I just thought of something that might help.

I am going to mount (with NFS) /home/john on the system that the user connects to with SSH.

So thats /home/_sxb that /home/john are the same folders then.

Cheers,

Robin

----------

## Anarcho

 *RobinVossen wrote:*   

>  *Anarcho wrote:*   Could you please give me the output of 
> 
> "ls -ld / /home /home/john /home/john/.ssh" 
> 
> I did that. And I got:
> ...

 

Is this your actual setup? Is the home folder on both machines identic?
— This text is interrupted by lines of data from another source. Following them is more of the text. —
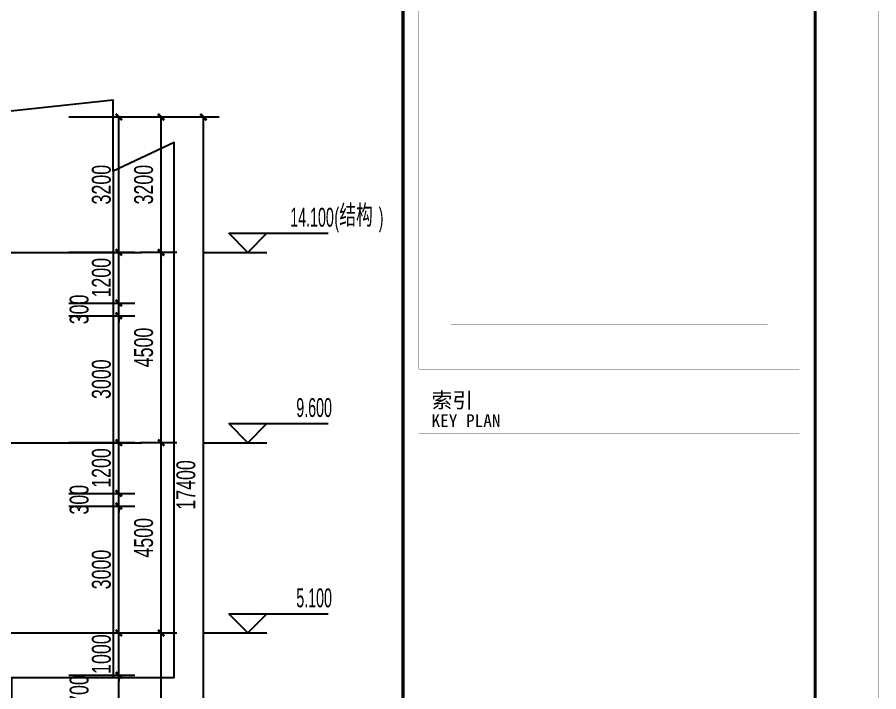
# Model space of a CAD drawing. Extents: x -186194 to 139607, y -228907 to -26595.
# Drawn here: x 119230 to 139607, y -200854 to -184905 of the extents above; entities that cross this region are included whole.
import ezdxf
from ezdxf.enums import TextEntityAlignment as Align

# ---------------------------------------------------------------- set-up
doc = ezdxf.new("R2010")
doc.units = 0
doc.header["$LTSCALE"] = 10
doc.header["$MEASUREMENT"] = 0
for name, color, linetype in [('01-标注_尺寸', 124, 'Continuous'), ('01-标注_标高', 200, 'Continuous'), ('01-标注_轴线坐标', 132, 'Continuous'), ('02-TEXT_标注', 130, 'Continuous'), ('A-SUR_看线', 231, 'Continuous')]:
    doc.layers.add(name, color=color, linetype=linetype)
doc.layers.add('04-不打印_辅助线', color=165, linetype='Continuous', plot=False)
doc.styles.add('_TCH_DIM', font='ros.shx', dxfattribs={"width": 0.8, "bigfont": 'jd.shx'})
doc.styles.add('_TCH_DIM_T3', font='ros.shx', dxfattribs={"width": 0.705882, "bigfont": 'jd.shx'})
doc.styles.add('图签信息$0$华文细黑', font='STXIHEI_0.TTF', dxfattribs={"height": 10})
doc.dimstyles.new('_TCH_ARCH&&150', dxfattribs={"dimtxt": 446.25, "dimasz": 150, "dimexe": 375, "dimexo": 450, "dimgap": 189.375, "dimtad": 1, "dimdec": 0, "dimzin": 0, "dimdsep": 46, "dimtxsty": '_TCH_DIM_T3', "dimblk": 'ARCHTICK', "dimcen": 0.09, "dimclrt": 7, "dimazin": 2, "dimtfac": 1, "dimtdec": 0, "dimtix": 1, "dimtmove": 2, "dimatfit": 3, "dimfxl": 0, "dimtolj": 1, "dimtzin": 0, "dimarcsym": 0})

# ---------------------------------------------------------------- blocks, each defined once
blk = doc.blocks.new('图签信息')
at = {"const_width": 0.5}
blk.add_lwpolyline([(-65, 0), (0, 0), (0, 500.5), (-65, 500.5)], close=True, dxfattribs=at)
at = {"const_width": 0.05}
for points in [[(-62.5, 404.92), (-62.5, 227.83)], [(-62.5, 227.83), (-2.5, 227.83), (-2.5, 404.92)], [(-57.5, 234.85), (-7.5, 234.85)], [(-62.5, 227.83), (-2.5, 227.83)], [(-62.5, 217.74), (-2.5, 217.74)]]:
    blk.add_lwpolyline(points, dxfattribs=at)
at = {"style": '图签信息$0$华文细黑'}
for s, height, p in [('索引', 2.4, (-60.5, 224.14)), ('KEY PLAN', 2, (-60.5, 220.74))]:
    blk.add_text(s, height=height, dxfattribs=at).set_placement(p, align=Align.TOP_LEFT)
blk = doc.blocks.new('图框-A1+1-4')
for points, const_width in [([(0, 0), (1051, 0), (1051, 594), (0, 594)], 0.05), ([(976, 584), (25, 584), (25, 10), (976, 10)], 0.5)]:
    blk.add_lwpolyline(points, close=True, dxfattribs=dict(const_width=const_width))
blk = doc.blocks.new('_ArchTick')
at = {"color": 0, "linetype": 'ByBlock', "const_width": 0.4}
blk.add_lwpolyline([(-0.5, -0.5), (0.5, 0.5)], dxfattribs=at)
blk = doc.blocks.new('*D146')
at = {"layer": '01-标注_轴线坐标', "color": 0, "lineweight": -2, "transparency": 16777216}
for p, q in [((122135, -199464), (123008, -199464)), ((122633, -204564), (122633, -199464)), ((122135, -204564), (123008, -204564))]:
    blk.add_line(p, q, dxfattribs=at)
at = {"layer": 'Defpoints', "color": 0, "transparency": 16777216}
for p in [(121685, -199464), (122633, -199464), (121685, -204564)]:
    blk.add_point(p, dxfattribs=at)
at = {"layer": '01-标注_轴线坐标', "color": 0, "lineweight": -2, "transparency": 16777216, "xscale": 150, "yscale": 150, "zscale": 150}
for p, rotation in [((122633, -199464), 90), ((122633, -204564), 270)]:
    blk.add_blockref('_ArchTick', p, dxfattribs=dict(at, rotation=rotation))
at = {"layer": '01-标注_轴线坐标', "color": 7, "transparency": 16777216, "insert": (122221, -202014), "char_height": 446.2, "attachment_point": 5, "rotation": 90, "style": '_TCH_DIM_T3'}
blk.add_mtext('\\A1;5100', dxfattribs=at)
blk = doc.blocks.new('*D147')
at = {"layer": '01-标注_轴线坐标', "color": 0, "lineweight": -2, "transparency": 16777216}
for p, q in [((122135, -194964), (123008, -194964)), ((122633, -199464), (122633, -194964)), ((122135, -199464), (123008, -199464))]:
    blk.add_line(p, q, dxfattribs=at)
at = {"layer": 'Defpoints', "color": 0, "transparency": 16777216}
for p in [(121685, -194964), (122633, -194964), (121685, -199464)]:
    blk.add_point(p, dxfattribs=at)
at = {"layer": '01-标注_轴线坐标', "color": 0, "lineweight": -2, "transparency": 16777216, "xscale": 150, "yscale": 150, "zscale": 150}
for p, rotation in [((122633, -194964), 90), ((122633, -199464), 270)]:
    blk.add_blockref('_ArchTick', p, dxfattribs=dict(at, rotation=rotation))
at = {"layer": '01-标注_轴线坐标', "color": 7, "transparency": 16777216, "insert": (122221, -197214), "char_height": 446.2, "attachment_point": 5, "rotation": 90, "style": '_TCH_DIM_T3'}
blk.add_mtext('\\A1;4500', dxfattribs=at)
blk = doc.blocks.new('*D148')
at = {"layer": '01-标注_轴线坐标', "color": 0, "lineweight": -2, "transparency": 16777216}
for p, q in [((122135, -190464), (123008, -190464)), ((122633, -194964), (122633, -190464)), ((122135, -194964), (123008, -194964))]:
    blk.add_line(p, q, dxfattribs=at)
at = {"layer": 'Defpoints', "color": 0, "transparency": 16777216}
for p in [(121685, -190464), (122633, -190464), (121685, -194964)]:
    blk.add_point(p, dxfattribs=at)
at = {"layer": '01-标注_轴线坐标', "color": 0, "lineweight": -2, "transparency": 16777216, "xscale": 150, "yscale": 150, "zscale": 150}
for p, rotation in [((122633, -190464), 90), ((122633, -194964), 270)]:
    blk.add_blockref('_ArchTick', p, dxfattribs=dict(at, rotation=rotation))
at = {"layer": '01-标注_轴线坐标', "color": 7, "transparency": 16777216, "insert": (122221, -192714), "char_height": 446.2, "attachment_point": 5, "rotation": 90, "style": '_TCH_DIM_T3'}
blk.add_mtext('\\A1;4500', dxfattribs=at)
blk = doc.blocks.new('*D149')
at = {"layer": '01-标注_轴线坐标', "color": 0, "lineweight": -2, "transparency": 16777216}
for p, q in [((122135, -187264), (123008, -187264)), ((122633, -190464), (122633, -187264)), ((122135, -190464), (123008, -190464))]:
    blk.add_line(p, q, dxfattribs=at)
at = {"layer": 'Defpoints', "color": 0, "transparency": 16777216}
for p in [(121685, -187264), (122633, -187264), (121685, -190464)]:
    blk.add_point(p, dxfattribs=at)
at = {"layer": '01-标注_轴线坐标', "color": 0, "lineweight": -2, "transparency": 16777216, "xscale": 150, "yscale": 150, "zscale": 150}
for p, rotation in [((122633, -187264), 90), ((122633, -190464), 270)]:
    blk.add_blockref('_ArchTick', p, dxfattribs=dict(at, rotation=rotation))
at = {"layer": '01-标注_轴线坐标', "color": 7, "transparency": 16777216, "insert": (122221, -188864), "char_height": 446.2, "attachment_point": 5, "rotation": 90, "style": '_TCH_DIM_T3'}
blk.add_mtext('\\A1;3200', dxfattribs=at)
blk = doc.blocks.new('*D151')
at = {"layer": '01-标注_轴线坐标', "color": 0, "lineweight": -2, "transparency": 16777216}
for p, q in [((121685, -187264), (124008, -187264)), ((123633, -204664), (123633, -187264)), ((121685, -204664), (124008, -204664))]:
    blk.add_line(p, q, dxfattribs=at)
at = {"layer": 'Defpoints', "color": 0, "transparency": 16777216}
for p in [(121235, -187264), (123633, -187264), (121235, -204664)]:
    blk.add_point(p, dxfattribs=at)
at = {"layer": '01-标注_轴线坐标', "color": 0, "lineweight": -2, "transparency": 16777216, "xscale": 150, "yscale": 150, "zscale": 150}
for p, rotation in [((123633, -187264), 90), ((123633, -204664), 270)]:
    blk.add_blockref('_ArchTick', p, dxfattribs=dict(at, rotation=rotation))
at = {"layer": '01-标注_轴线坐标', "color": 7, "transparency": 16777216, "insert": (123221, -195964), "char_height": 446.2, "attachment_point": 5, "rotation": 90, "style": '_TCH_DIM_T3'}
blk.add_mtext('\\A1;17400', dxfattribs=at)
blk = doc.blocks.new('*D154')
at = {"layer": '01-标注_尺寸', "color": 0, "lineweight": -2, "transparency": 16777216}
for p, q in [((120450, -200464), (122008, -200464)), ((121633, -201164), (121633, -200464)), ((120450, -201164), (122008, -201164))]:
    blk.add_line(p, q, dxfattribs=at)
at = {"layer": 'Defpoints', "color": 0, "transparency": 16777216}
for p in [(120000, -200464), (121633, -200464), (120000, -201164)]:
    blk.add_point(p, dxfattribs=at)
at = {"layer": '01-标注_尺寸', "color": 0, "lineweight": -2, "transparency": 16777216, "xscale": 150, "yscale": 150, "zscale": 150}
for p, rotation in [((121633, -200464), 90), ((121633, -201164), 270)]:
    blk.add_blockref('_ArchTick', p, dxfattribs=dict(at, rotation=rotation))
at = {"layer": '01-标注_尺寸', "color": 7, "transparency": 16777216, "insert": (120696, -200814), "char_height": 446.2, "attachment_point": 5, "rotation": 90, "style": '_TCH_DIM_T3'}
blk.add_mtext('\\A1;700', dxfattribs=at)
blk = doc.blocks.new('*D155')
at = {"layer": '01-标注_尺寸', "color": 0, "lineweight": -2, "transparency": 16777216}
for p, q in [((120450, -199464), (122008, -199464)), ((121633, -199464), (121633, -199314)), ((121633, -200464), (121633, -199464)), ((120450, -200464), (122008, -200464)), ((121633, -200464), (121633, -200614))]:
    blk.add_line(p, q, dxfattribs=at)
at = {"layer": 'Defpoints', "color": 0, "transparency": 16777216}
for p in [(120000, -199464), (121633, -199464), (120000, -200464)]:
    blk.add_point(p, dxfattribs=at)
at = {"layer": '01-标注_尺寸', "color": 0, "lineweight": -2, "transparency": 16777216, "xscale": 150, "yscale": 150, "zscale": 150}
for p, rotation in [((121633, -199464), 270), ((121633, -200464), 90)]:
    blk.add_blockref('_ArchTick', p, dxfattribs=dict(at, rotation=rotation))
at = {"layer": '01-标注_尺寸', "color": 7, "transparency": 16777216, "insert": (121221, -199964), "char_height": 446.2, "attachment_point": 5, "rotation": 90, "style": '_TCH_DIM_T3'}
blk.add_mtext('\\A1;1000', dxfattribs=at)
blk = doc.blocks.new('*D156')
at = {"layer": '01-标注_尺寸', "color": 0, "lineweight": -2, "transparency": 16777216}
for p, q in [((120450, -196464), (122008, -196464)), ((121633, -199464), (121633, -196464)), ((120450, -199464), (122008, -199464))]:
    blk.add_line(p, q, dxfattribs=at)
at = {"layer": 'Defpoints', "color": 0, "transparency": 16777216}
for p in [(120000, -196464), (121633, -196464), (120000, -199464)]:
    blk.add_point(p, dxfattribs=at)
at = {"layer": '01-标注_尺寸', "color": 0, "lineweight": -2, "transparency": 16777216, "xscale": 150, "yscale": 150, "zscale": 150}
for p, rotation in [((121633, -196464), 90), ((121633, -199464), 270)]:
    blk.add_blockref('_ArchTick', p, dxfattribs=dict(at, rotation=rotation))
at = {"layer": '01-标注_尺寸', "color": 7, "transparency": 16777216, "insert": (121221, -197964), "char_height": 446.2, "attachment_point": 5, "rotation": 90, "style": '_TCH_DIM_T3'}
blk.add_mtext('\\A1;3000', dxfattribs=at)
blk = doc.blocks.new('*D157')
at = {"layer": '01-标注_尺寸', "color": 0, "lineweight": -2, "transparency": 16777216}
for p, q in [((121633, -196164), (121633, -196014)), ((120450, -196164), (122008, -196164)), ((121633, -196464), (121633, -196164)), ((120450, -196464), (122008, -196464)), ((121633, -196464), (121633, -196614))]:
    blk.add_line(p, q, dxfattribs=at)
at = {"layer": 'Defpoints', "color": 0, "transparency": 16777216}
for p in [(120000, -196164), (121633, -196164), (120000, -196464)]:
    blk.add_point(p, dxfattribs=at)
at = {"layer": '01-标注_尺寸', "color": 0, "lineweight": -2, "transparency": 16777216, "xscale": 150, "yscale": 150, "zscale": 150}
for p, rotation in [((121633, -196164), 270), ((121633, -196464), 90)]:
    blk.add_blockref('_ArchTick', p, dxfattribs=dict(at, rotation=rotation))
at = {"layer": '01-标注_尺寸', "color": 7, "transparency": 16777216, "insert": (120696, -196314), "char_height": 446.2, "attachment_point": 5, "rotation": 90, "style": '_TCH_DIM_T3'}
blk.add_mtext('\\A1;300', dxfattribs=at)
blk = doc.blocks.new('*D158')
at = {"layer": '01-标注_尺寸', "color": 0, "lineweight": -2, "transparency": 16777216}
for p, q in [((120450, -194964), (122008, -194964)), ((121633, -196164), (121633, -194964)), ((120450, -196164), (122008, -196164))]:
    blk.add_line(p, q, dxfattribs=at)
at = {"layer": 'Defpoints', "color": 0, "transparency": 16777216}
for p in [(120000, -194964), (121633, -194964), (120000, -196164)]:
    blk.add_point(p, dxfattribs=at)
at = {"layer": '01-标注_尺寸', "color": 0, "lineweight": -2, "transparency": 16777216, "xscale": 150, "yscale": 150, "zscale": 150}
for p, rotation in [((121633, -194964), 90), ((121633, -196164), 270)]:
    blk.add_blockref('_ArchTick', p, dxfattribs=dict(at, rotation=rotation))
at = {"layer": '01-标注_尺寸', "color": 7, "transparency": 16777216, "insert": (121221, -195564), "char_height": 446.2, "attachment_point": 5, "rotation": 90, "style": '_TCH_DIM_T3'}
blk.add_mtext('\\A1;1200', dxfattribs=at)
blk = doc.blocks.new('*D159')
at = {"layer": '01-标注_尺寸', "color": 0, "lineweight": -2, "transparency": 16777216}
for p, q in [((120450, -191964), (122008, -191964)), ((121633, -194964), (121633, -191964)), ((120450, -194964), (122008, -194964))]:
    blk.add_line(p, q, dxfattribs=at)
at = {"layer": 'Defpoints', "color": 0, "transparency": 16777216}
for p in [(120000, -191964), (121633, -191964), (120000, -194964)]:
    blk.add_point(p, dxfattribs=at)
at = {"layer": '01-标注_尺寸', "color": 0, "lineweight": -2, "transparency": 16777216, "xscale": 150, "yscale": 150, "zscale": 150}
for p, rotation in [((121633, -191964), 90), ((121633, -194964), 270)]:
    blk.add_blockref('_ArchTick', p, dxfattribs=dict(at, rotation=rotation))
at = {"layer": '01-标注_尺寸', "color": 7, "transparency": 16777216, "insert": (121221, -193464), "char_height": 446.2, "attachment_point": 5, "rotation": 90, "style": '_TCH_DIM_T3'}
blk.add_mtext('\\A1;3000', dxfattribs=at)
blk = doc.blocks.new('*D160')
at = {"layer": '01-标注_尺寸', "color": 0, "lineweight": -2, "transparency": 16777216}
for p, q in [((121633, -191664), (121633, -191514)), ((120450, -191664), (122008, -191664)), ((121633, -191964), (121633, -191664)), ((120450, -191964), (122008, -191964)), ((121633, -191964), (121633, -192114))]:
    blk.add_line(p, q, dxfattribs=at)
at = {"layer": 'Defpoints', "color": 0, "transparency": 16777216}
for p in [(120000, -191664), (121633, -191664), (120000, -191964)]:
    blk.add_point(p, dxfattribs=at)
at = {"layer": '01-标注_尺寸', "color": 0, "lineweight": -2, "transparency": 16777216, "xscale": 150, "yscale": 150, "zscale": 150}
for p, rotation in [((121633, -191664), 270), ((121633, -191964), 90)]:
    blk.add_blockref('_ArchTick', p, dxfattribs=dict(at, rotation=rotation))
at = {"layer": '01-标注_尺寸', "color": 7, "transparency": 16777216, "insert": (120696, -191814), "char_height": 446.2, "attachment_point": 5, "rotation": 90, "style": '_TCH_DIM_T3'}
blk.add_mtext('\\A1;300', dxfattribs=at)
blk = doc.blocks.new('*D161')
at = {"layer": '01-标注_尺寸', "color": 0, "lineweight": -2, "transparency": 16777216}
for p, q in [((120450, -190464), (122008, -190464)), ((121633, -191664), (121633, -190464)), ((120450, -191664), (122008, -191664))]:
    blk.add_line(p, q, dxfattribs=at)
at = {"layer": 'Defpoints', "color": 0, "transparency": 16777216}
for p in [(120000, -190464), (121633, -190464), (120000, -191664)]:
    blk.add_point(p, dxfattribs=at)
at = {"layer": '01-标注_尺寸', "color": 0, "lineweight": -2, "transparency": 16777216, "xscale": 150, "yscale": 150, "zscale": 150}
for p, rotation in [((121633, -190464), 90), ((121633, -191664), 270)]:
    blk.add_blockref('_ArchTick', p, dxfattribs=dict(at, rotation=rotation))
at = {"layer": '01-标注_尺寸', "color": 7, "transparency": 16777216, "insert": (121221, -191064), "char_height": 446.2, "attachment_point": 5, "rotation": 90, "style": '_TCH_DIM_T3'}
blk.add_mtext('\\A1;1200', dxfattribs=at)
blk = doc.blocks.new('*D162')
at = {"layer": '01-标注_尺寸', "color": 0, "lineweight": -2, "transparency": 16777216}
for p, q in [((120450, -187264), (122008, -187264)), ((121633, -190464), (121633, -187264)), ((120450, -190464), (122008, -190464))]:
    blk.add_line(p, q, dxfattribs=at)
at = {"layer": 'Defpoints', "color": 0, "transparency": 16777216}
for p in [(120000, -187264), (121633, -187264), (120000, -190464)]:
    blk.add_point(p, dxfattribs=at)
at = {"layer": '01-标注_尺寸', "color": 0, "lineweight": -2, "transparency": 16777216, "xscale": 150, "yscale": 150, "zscale": 150}
for p, rotation in [((121633, -187264), 90), ((121633, -190464), 270)]:
    blk.add_blockref('_ArchTick', p, dxfattribs=dict(at, rotation=rotation))
at = {"layer": '01-标注_尺寸', "color": 7, "transparency": 16777216, "insert": (121221, -188864), "char_height": 446.2, "attachment_point": 5, "rotation": 90, "style": '_TCH_DIM_T3'}
blk.add_mtext('\\A1;3200', dxfattribs=at)

msp = doc.modelspace()

# ---------------------------------------------------------------- linework, layer by layer
at = {"layer": '01-标注_标高'}
for p, q in [((124683.5, -190464.5), (124233.5, -190014.5)), ((124233.5, -190014.5), (126581, -190014.5)), ((124683.5, -190464.5), (125133.5, -190014.5)), ((123633.5, -190464.5), (125133.5, -190464.5)), ((124683.5, -194964.5), (124233.5, -194514.5)), ((124233.5, -194514.5), (126581, -194514.5)), ((124683.5, -194964.5), (125133.5, -194514.5)), ((123633.5, -194964.5), (125133.5, -194964.5)), ((124683.5, -199464.5), (124233.5, -199014.5)), ((124233.5, -199014.5), (126581, -199014.5)), ((124683.5, -199464.5), (125133.5, -199014.5)), ((123633.5, -199464.5), (125133.5, -199464.5))]:
    msp.add_line(p, q, dxfattribs=at)
at = {"layer": '04-不打印_辅助线'}
for points in [[(-8970.8, -190464.5), (122168.1, -190464.5)], [(-8970.8, -194964.5), (122168.1, -194964.5)], [(-8970.8, -199464.5), (122168.1, -199464.5)]]:
    msp.add_lwpolyline(points, dxfattribs=at)
at = {"layer": 'A-SUR_看线'}
msp.add_line((121498.7, -188546.3), (121498.7, -200514.5), dxfattribs=at)
msp.add_lwpolyline([(119101.7, -204664.5), (119101.7, -200514.5), (122943.7, -200514.5), (122943.7, -187913.8), (122943.7, -187913.8), (122943.7, -187864.5), (121498.7, -188546.3), (121498.7, -186864.5), (118048.5, -187235.3)], dxfattribs=at)

# ---------------------------------------------------------------- block references
at = {"xscale": 150, "yscale": 150, "zscale": 150}
for name, p in [('图框-A1+1-4', (-18046.8, -228902.8)), ('图签信息', (138103.2, -227402.8))]:
    msp.add_blockref(name, p, dxfattribs=at)

# ---------------------------------------------------------------- texts
at = {"layer": '02-TEXT_标注', "style": '_TCH_DIM'}
for s, height, width, p in [('结构', 520.93, 0.8, (126848.6, -189857)), ('14.100', 446.25, 0.564706, (125687.6, -189857)), ('(', 446.2, 0.564706, (126731, -189857)), (')', 446.2, 0.564706, (127779.7, -189857)), ('9.600', 446.25, 0.564706, (125830.4, -194357)), ('5.100', 446.25, 0.564706, (125830.4, -198857))]:
    msp.add_text(s, height=height, dxfattribs=dict(at, width=width)).set_placement(p)

# ---------------------------------------------------------------- dimensions: what is measured, and where the dimension line sits
at = {"layer": '01-标注_尺寸'}
for p1, p2, picture, middle in [((119999.5, -190464.5), (119999.5, -187264.5), '*D162', (121221, -188864.5)), ((119999.5, -191664.5), (119999.5, -190464.5), '*D161', (121221, -191064.5)), ((119999.5, -194964.5), (119999.5, -191964.5), '*D159', (121221, -193464.5)), ((119999.5, -196164.5), (119999.5, -194964.5), '*D158', (121221, -195564.5)), ((119999.5, -199464.5), (119999.5, -196464.5), '*D156', (121221, -197964.5)), ((119999.5, -200464.5), (119999.5, -199464.5), '*D155', (121221, -199964.5))]:
    dim = msp.add_aligned_dim(p1=p1, p2=p2, distance=-1634, dimstyle='_TCH_ARCH&&150', dxfattribs=at)
    dim.commit()
    dim.dimension.update_dxf_attribs({"geometry": picture, "text_midpoint": middle})
for base, p1, p2, picture, middle in [((121633.5, -191664.5), (119999.5, -191964.5), (119999.5, -191664.5), '*D160', (120696, -191814.5)), ((121633.5, -196164.5), (119999.5, -196464.5), (119999.5, -196164.5), '*D157', (120696, -196314.5)), ((121633.5, -200464.5), (119999.5, -201164.5), (119999.5, -200464.5), '*D154', (120696, -200814.5))]:
    dim = msp.add_linear_dim(base=base, p1=p1, p2=p2, angle=90, dimstyle='_TCH_ARCH&&150', dxfattribs=at)
    dim.commit()
    dim.dimension.update_dxf_attribs({"geometry": picture, "text_midpoint": middle, "dimtype": 161})
at = {"layer": '01-标注_轴线坐标'}
for p1, p2, distance, picture, middle in [((121234.6, -204664.5), (121234.6, -187264.5), -2398.8, '*D151', (123221, -195964.5)), ((121684.6, -190464.5), (121684.6, -187264.5), -948.8, '*D149', (122221, -188864.5)), ((121684.6, -194964.5), (121684.6, -190464.5), -948.8, '*D148', (122221, -192714.5)), ((121684.6, -199464.5), (121684.6, -194964.5), -948.8, '*D147', (122221, -197214.5)), ((121684.6, -204564.5), (121684.6, -199464.5), -948.8, '*D146', (122221, -202014.5))]:
    dim = msp.add_aligned_dim(p1=p1, p2=p2, distance=distance, dimstyle='_TCH_ARCH&&150', dxfattribs=at)
    dim.commit()
    dim.dimension.update_dxf_attribs({"geometry": picture, "text_midpoint": middle})

doc.saveas('drawing.dxf')

If yes, then have both users the same uid?

If not, could you post the same output as above (ls -ld...) for the remote machine? (replace john with _sxb of course).

----------

## RobinVossen

I got the exact same output. And both users account UIDs are 1001.

However I did play around this for two days now and I did found a nice Solution.

I made a authorized_keys that is linked to id_dsa.pub

Then I did use NFS to mount johns home to the _sxb home.

That does just work  :Smile:  And I can make it a Cron-Job to change the SSH Key.

The only problem is that NFS keeps failing. So I have done that dirty now. (See: http://www.linuxforums.org/forum/linux-networking/109897-openvz-network-filesystem.html)

Thanks for everything.

But I still dont get why It didnt work.. So, well if you can explain that anyhow Id love to hear that. (Since Ill learn and gain Knowledge  :Wink: )

Cheers, (or in your native language Auf Wiederseen (I really hope I did write that correct))

~ Robin

----------

## Anarcho

 *RobinVossen wrote:*   

> I got the exact same output. And both users account UIDs are 1001.
> 
> However I did play around this for two days now and I did found a nice Solution.
> 
> I made a authorized_keys that is linked to id_dsa.pub
> ...

 

I'm sorry, but I have no explanation, either. I don't understand why the script can't chdir to the .ssh directory. That seems to make no sense (as the script itself also reports).

 *Quote:*   

> Cheers, (or in your native language Auf Wiederseen (I really hope I did write that correct))

 

There was just one little mistake => "Auf Wiedersehen"

----------

## RobinVossen

Well, thanks for all the Effort anyhow  :Smile: 

Thanks for correcting my German. Tomorrow Ill go to German Dusseldorf Airport..

Cheers,

Robin

----------

## Anarcho

 *RobinVossen wrote:*   

> Well, thanks for all the Effort anyhow 
> 
> Thanks for correcting my German. Tomorrow Ill go to German Dusseldorf Airport..
> 
> Cheers,
> ...

 

You're very welcome! I'm currently working in Düsseldorf  :Wink: 

----------

## RobinVossen

Ah, cool.

the Airport?  :Wink:  I am well Excited.. 

I am going to Pick My girlfriend up. 

We didn't see each other in Person for a Month..!

Cheers,

Robin

----------

## Anarcho

 *RobinVossen wrote:*   

> Ah, cool.
> 
> the Airport?  I am well Excited.. 
> 
> I am going to Pick My girlfriend up. 
> ...

 

No No, I don't work at the airport. I'm Freelancer for anything dedicated with PCs, mainly programming stuff.

So your girlfriend is german or why do you pick her up at the german airport?

----------

## RobinVossen

My girlfriend is from the Glorious United Kingdom. I am Dutch myself.

And tickets to Eindhoven (Closed to me within the Netherlands) did cost about 50 pounds more..

And Dusseldorf is even closer then Eindhoven. So, well why not  :Wink: 

In case you didn't notice yet I am your Neighbor. A Dutch guy

----------

## Anarcho

 *RobinVossen wrote:*   

> My girlfriend is from the Glorious United Kingdom. I am Dutch myself.
> 
> And tickets to Eindhoven (Closed to me within the Netherlands) did cost about 50 pounds more..
> 
> And Dusseldorf is even closer then Eindhoven. So, well why not 
> ...

 

Yes, I already guessed that you might be dutch. You are not the only dutch who flies from Düsseldorf Airport  :Wink:  The alternative would be belgium.

----------